Sırtım soğuk duvara yaslı bir şekilde karşıya bakıyordum. Derin bir nefes aldım ve gözlerimi sıkı sıkı kapattım. Bu iğrenç duvarların ardında, dışarıda ki mahkumların işkence çığlıklarını duyabiliyordum. Yerimden doğruldum ve yavaşça ayağa kalktım. Hapisanenin en berbat hücresinde tam yedi ayımı geçirecektim.
Neden mi?
Abimi öldürdüm.
Jase Red. Orospu evladı abim. Uçkuruna düşkün bir şerefsiz. Gece uyurken gizlice odama sızıp o pis ellerini bana sürmeye çalışan canî. O akşam bacağımda nasırlı eller hissedince uyandım. İttirmeye çalıştım, karşı gelmeye çalıştım ama durmadı. Bende son çare olarak aklıma gelen tek şeyi yaptım. Yastığımın altındaki Gold Magnum silahımla onu vurdum.
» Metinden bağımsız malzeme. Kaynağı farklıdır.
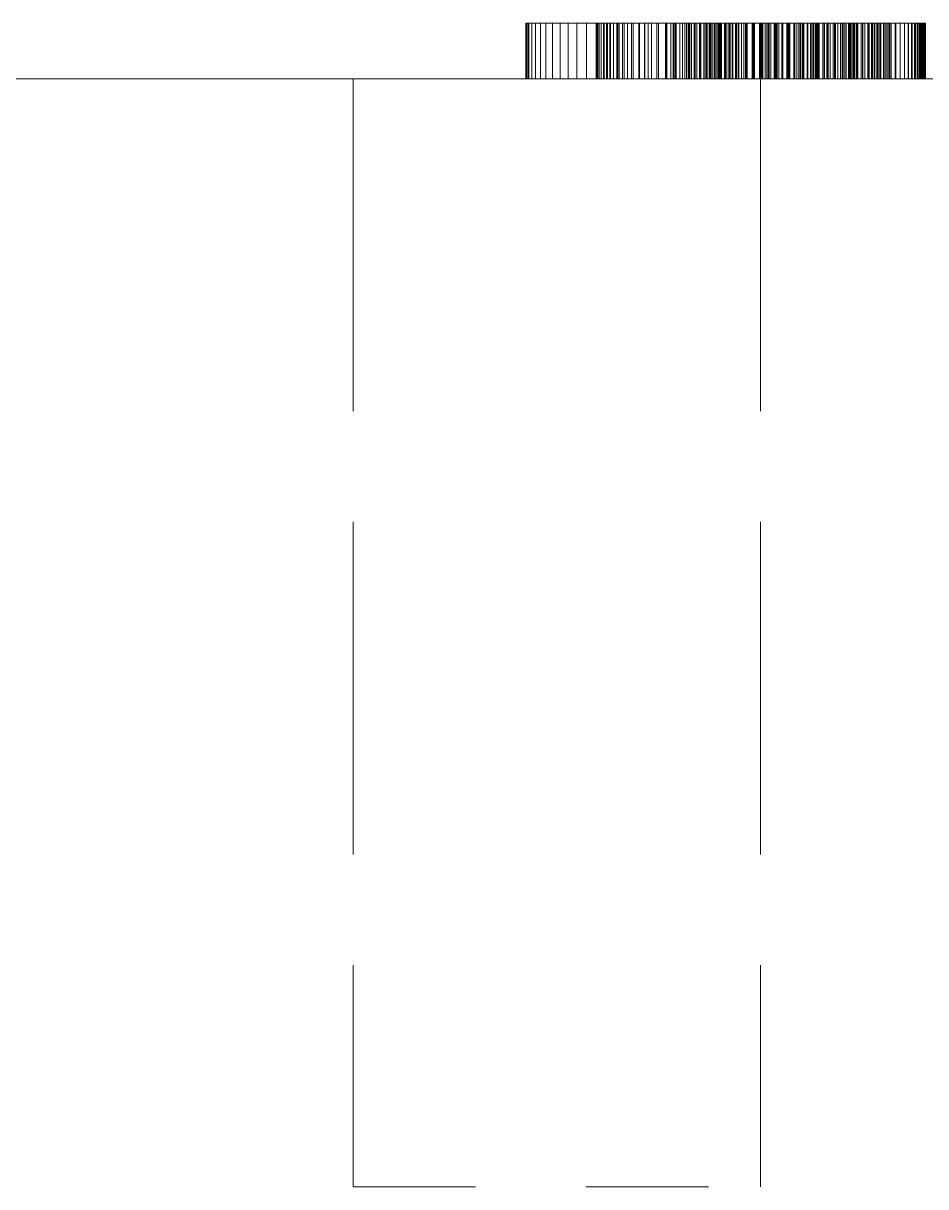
# Model space of a CAD drawing. Extents: x 23 to 587, y 4 to 413.
# Drawn here: x 466.975 to 467.789, y 193.924 to 194.974 of the extents above; entities that cross this region are included whole.
import ezdxf

# ---------------------------------------------------------------- set-up
doc = ezdxf.new("R2010")
doc.units = 0
doc.linetypes.add('DASHED', pattern=[15, 12, -3])
doc.layers.get('0').update_dxf_attribs({"lineweight": 13})

# ---------------------------------------------------------------- blocks, each defined once
blk = doc.blocks.new('BLOCK437')
at = {"color": 7, "linetype": 'DASHED', "lineweight": 13, "ltscale": 0.0025}
for p, q in [((-93.1317, 126.9), (-93.1317, 127)), ((-93.1316, 126.9), (-93.1316, 127)), ((-93.1302, 126.9), (-93.1302, 127)), ((-93.1298, 126.9), (-93.1298, 127)), ((-93.1269, 126.9), (-93.1269, 127)), ((-93.1263, 126.9), (-93.1263, 127)), ((-93.1212, 126.9), (-93.1212, 127)), ((-93.1143, 126.9), (-93.1143, 127)), ((-93.1058, 126.9), (-93.1058, 127)), ((-93.0956, 126.9), (-93.0956, 127)), ((-93.0837, 126.9), (-93.0837, 127)), ((-93.0703, 126.9), (-93.0703, 127)), ((-93.0556, 126.9), (-93.0556, 127)), ((-93.0397, 126.9), (-93.0397, 127)), ((-93.0225, 126.9), (-93.0225, 127)), ((-93.0049, 126.9), (-93.0049, 127)), ((-93.0041, 126.9), (-93.0041, 127)), ((-93.0041, 126.9), (-93.0041, 127)), ((-93.0041, 126.9), (-93.0041, 127)), ((-93.0023, 126.9), (-93.0023, 127)), ((-92.9997, 126.9), (-92.9997, 127)), ((-92.9962, 126.9), (-92.9962, 127)), ((-92.9919, 126.9), (-92.9919, 127)), ((-92.9906, 126.9), (-92.9906, 127)), ((-92.9866, 126.9), (-92.9866, 127)), ((-92.9844, 126.9), (-92.9844, 127)), ((-92.9805, 126.9), (-92.9805, 127)), ((-92.9794, 126.9), (-92.9794, 127)), ((-92.9735, 126.9), (-92.9735, 127)), ((-92.9675, 126.9), (-92.9675, 127)), ((-92.9657, 126.9), (-92.9657, 127)), ((-92.9634, 126.9), (-92.9634, 127)), ((-92.9573, 126.9), (-92.9573, 127)), ((-92.9547, 126.9), (-92.9547, 127)), ((-92.9482, 126.9), (-92.9482, 127)), ((-92.9411, 126.9), (-92.9411, 127)), ((-92.9411, 126.9), (-92.9411, 127)), ((-92.9384, 126.9), (-92.9384, 127)), ((-92.928, 126.9), (-92.928, 127)), ((-92.9266, 126.9), (-92.9266, 127)), ((-92.9176, 126.9), (-92.9176, 127)), ((-92.9169, 126.9), (-92.9169, 127)), ((-92.9114, 126.9), (-92.9114, 127)), ((-92.9051, 126.9), (-92.9051, 127)), ((-92.8953, 126.9), (-92.8953, 127)), ((-92.8928, 126.9), (-92.8928, 127)), ((-92.8927, 126.9), (-92.8927, 127)), ((-92.8796, 126.9), (-92.8796, 127)), ((-92.8785, 126.9), (-92.8785, 127)), ((-92.8776, 126.9), (-92.8776, 127)), ((-92.8701, 126.9), (-92.8701, 127)), ((-92.8658, 126.9), (-92.8658, 127)), ((-92.8648, 126.9), (-92.8648, 127)), ((-92.8622, 126.9), (-92.8622, 127)), ((-92.8608, 126.9), (-92.8608, 127)), ((-92.8538, 126.9), (-92.8538, 127)), ((-92.8492, 126.9), (-92.8492, 127)), ((-92.8451, 126.9), (-92.8451, 127)), ((-92.8422, 126.9), (-92.8422, 127)), ((-92.8388, 126.9), (-92.8388, 127)), ((-92.8374, 126.9), (-92.8374, 127)), ((-92.8358, 126.9), (-92.8358, 127)), ((-92.8328, 126.9), (-92.8328, 127)), ((-92.8283, 126.9), (-92.8283, 127)), ((-92.8262, 126.9), (-92.8262, 127)), ((-92.8231, 126.9), (-92.8231, 127)), ((-92.8182, 126.9), (-92.8182, 127)), ((-92.8166, 126.9), (-92.8166, 127)), ((-92.8161, 126.9), (-92.8161, 127)), ((-92.8105, 126.9), (-92.8105, 127)), ((-92.8084, 126.9), (-92.8084, 127)), ((-92.8057, 126.9), (-92.8057, 127)), ((-92.8036, 126.9), (-92.8036, 127)), ((-92.8006, 126.9), (-92.8006, 127)), ((-92.7991, 126.9), (-92.7991, 127)), ((-92.7977, 126.9), (-92.7977, 127)), ((-92.7947, 126.9), (-92.7947, 127)), ((-92.7912, 126.9), (-92.7912, 127)), ((-92.7902, 126.9), (-92.7902, 127)), ((-92.7873, 126.9), (-92.7873, 127)), ((-92.7848, 126.9), (-92.7848, 127)), ((-92.784, 126.9), (-92.784, 127)), ((-92.7837, 126.9), (-92.7837, 127)), ((-92.7836, 126.9), (-92.7836, 127)), ((-92.7834, 126.9), (-92.7834, 127)), ((-92.7817, 126.9), (-92.7817, 127)), ((-92.7805, 126.9), (-92.7805, 127)), ((-92.779, 126.9), (-92.779, 127)), ((-92.7735, 126.9), (-92.7735, 127)), ((-92.7717, 126.9), (-92.7717, 127)), ((-92.7692, 126.9), (-92.7692, 127)), ((-92.7658, 126.9), (-92.7658, 127)), ((-92.7639, 126.9), (-92.7639, 127)), ((-92.7633, 126.9), (-92.7633, 127)), ((-92.7598, 126.9), (-92.7598, 127)), ((-92.7585, 126.9), (-92.7585, 127)), ((-92.7581, 126.9), (-92.7581, 127)), ((-92.7538, 126.9), (-92.7538, 127)), ((-92.7516, 126.9), (-92.7516, 127)), ((-92.7489, 126.9), (-92.7489, 127)), ((-92.7477, 126.9), (-92.7477, 127)), ((-92.7426, 126.9), (-92.7426, 127)), ((-92.7386, 126.9), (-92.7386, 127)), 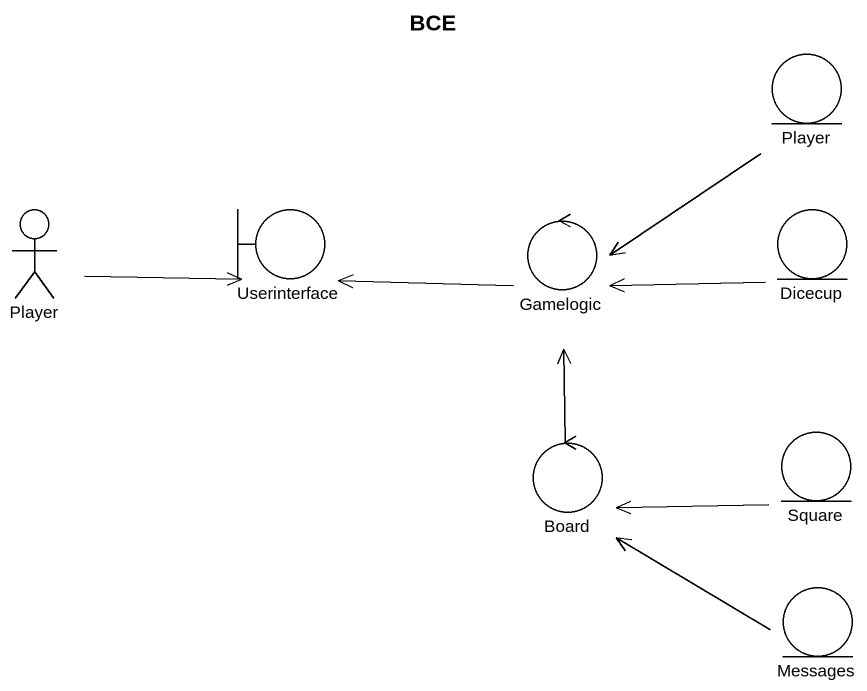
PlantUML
@startuml
title BCE
entity Player
actor "Player" as Player_2
boundary Userinterface
control Gamelogic
entity Dicecup
control Board
entity Square
entity Messages
Player --> Gamelogic
Player_2 -right-> Userinterface
Gamelogic -left-> Userinterface
Dicecup -left-> Gamelogic
Board -up-> Gamelogic
Square -left-> Board
Messages -up-> Board
@enduml

Babam kötü bir adamdı ve ölünce peşinde de kötü düşmanlar bırakmıştı. Bu nedenle yastığımın altında, masamın hemen bitişiğinde, gece lambamın abajurunun içinde her zaman keskin, öldürücü bir alet vardı.
Silahımı alnının çatısına dayadığımı ve gözlerimi kapatarak silahı ateşlediğimi hatırlıyorum. Patlama eşliğinde bir ses çıktığını ve evimizin güvenlik sisteminin çalıştığını. Polisler tam iki dakika sonra geldiğinde bile hareket etmeden, elimde silahım, yerde cesetle öylece duruyordum.
Tam altı aydır bu hapisanedeydim. Firar etmeyi hiç düşünmemiştim.
Şu ana kadar.
Kalın ve boyası akmış parmaklıklara yürüdüm. Aralarından en incesini kavradım ve etrafa bakındım.
Yan yana bir sürü hücre. Yan yana bir sürü mahkum. Bir sürü suçlu.
Kaçmaya çalışanların serende diye bir yere kapatılıp, işkenceye uğradıklarını biliyordum. İki hücre yanımda bir travestinin kaçmaya çalışıpta yakalandığını ve serendeye kapatıldığını duydum. Üç gün önce serbest bırakılmıştı. Bu iğrenç hapisanede ki işi bitmişti ancak çıktığı gibi gidememişti. Bir parmağı ve kulak memesini kesmişlerdi. Bunun yanı sıra büyük işkencelere uğramıştı ancak burası böyleydi.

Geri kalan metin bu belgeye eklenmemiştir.